There also exists the consideration of allographemical contextualization, the nature of relevance, pragmatics, conjunct identification of context, semantics. To be honest the linguistics side alone is vast. Knowledge and cognition however. . . A whole other ballgame. But the only tool we have to really get down to the bottom of how knowledge works is language, it's to epistemological pursuit what math is to physics.
While GPT is super impressive and can do a lot of quasi-brute-force things, we're only finding now the rudiments of the machined intelligence paradigm, and it will behoove any reader to brush up on their classics, true pursuants of philosophy and many order logic are about to be in high demand if I had to reckon.
I prefer to think that most humans actually distinguish the fictional context, and so should LLM. As such, if it is to be of any use, it'd better figure out it's fiction if someone's flying on a winged horse, levitating trolls or (obviously harder) running around a forest with a bow.

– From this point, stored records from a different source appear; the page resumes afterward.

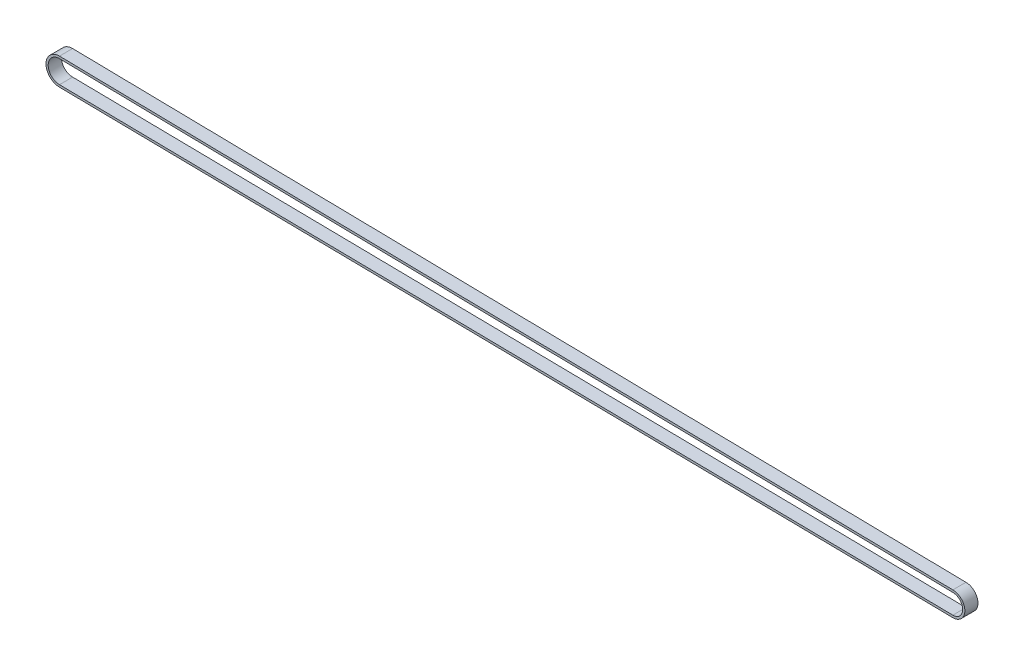
SolidWorks part; units mm, degrees
ref_plane "Front Plane" through (0, 0, 0) normal (0, 0, 1) x (1, 0, 0)
ref_plane "Top Plane" through (0, 0, 0) normal (0, 1, 0) x (1, 0, 0)
ref_plane "Right Plane" through (0, 0, 0) normal (1, 0, 0) x (0, 0, -1)
sketch "Sketch1" plane through (0, 0, 0) normal (0, 0, 1) x (1, 0, 0)
  line L0 (0, 5.15) -> (407.9379, -1.9706)
  line L1 (0, 5.15) -> (0, -5.15) construction
  line L2 (407.9379, -1.9706) -> (407.9379, -10.9706) construction
  line L3 (407.9379, -10.9706) -> (0, -5.15)
  line L4 (407.9379, -0.9706) -> (0, 6.15)
  line L5 (0, -6.15) -> (407.9379, -11.9706)
  arc A0 (0.1797, 5.1469) -> (0, -5.15) centre (0, 0) ccw
  arc A1 (407.9379, -10.9706) -> (407.9379, -1.9706) centre (407.9379, -6.4706) ccw
  arc A2 (0.2146, 6.1463) -> (0, -6.15) centre (0, 0) ccw
  arc A3 (407.7809, -11.9683) -> (407.9379, -0.9706) centre (407.9379, -6.4706) ccw
  dimension "D1" = 10.3
  dimension "D5" = 12.3
  dimension "D6" = 11
  dimension "D2" = 408
  dimension "D3" = 89
  dimension "D4" = 9
extrude "Boss-Extrude1" add sketch "Sketch1" along normal blind 6 contours L5 A3 L4 A2 A1 L3 A0 L0 region at (413.0179, -6.4706, 0)

And when answering a question, unambiguously specify this fictional context, or at least indicate that it might be fiction if unsure.
I'm not sure a higher level "intelligence" (which some folks think AI is moving towards) should be overly-reliant on human "intelligence", lest it inherit flaws which may outnumber benefits. (Humans believe a variety of outlandish things, such as "Q-Anon has the real facts", etc.)
By this logic, "Is Moby Dick a sperm whale" also can't be answered factually because Moby Dick is a fictional creation and doesn't exist in the natural world?
It's no surprise that LLMs trained on human writings produce text which claims things that aren't true are facts. Humans do that all the time.
There are well attested reputable sources that will tell you Abraham Lincoln was a vampire hunter, others that say he was a Lego Master Builder, and others still will tell you that among his notable quotes is "Party on dudes - be excellent to each other". So what's an LLM to do when it's trying to extend a paragraph of information about Abraham Lincoln?
When an LLM is suggesting what might come next in a piece of text... it doesn't know if it's supposed to guess a probable word from a Wikipedia article, an Onion article, a Project Gutenberg manuscript, or an Archive Of Our Own fanfic. So you get a bit of all that.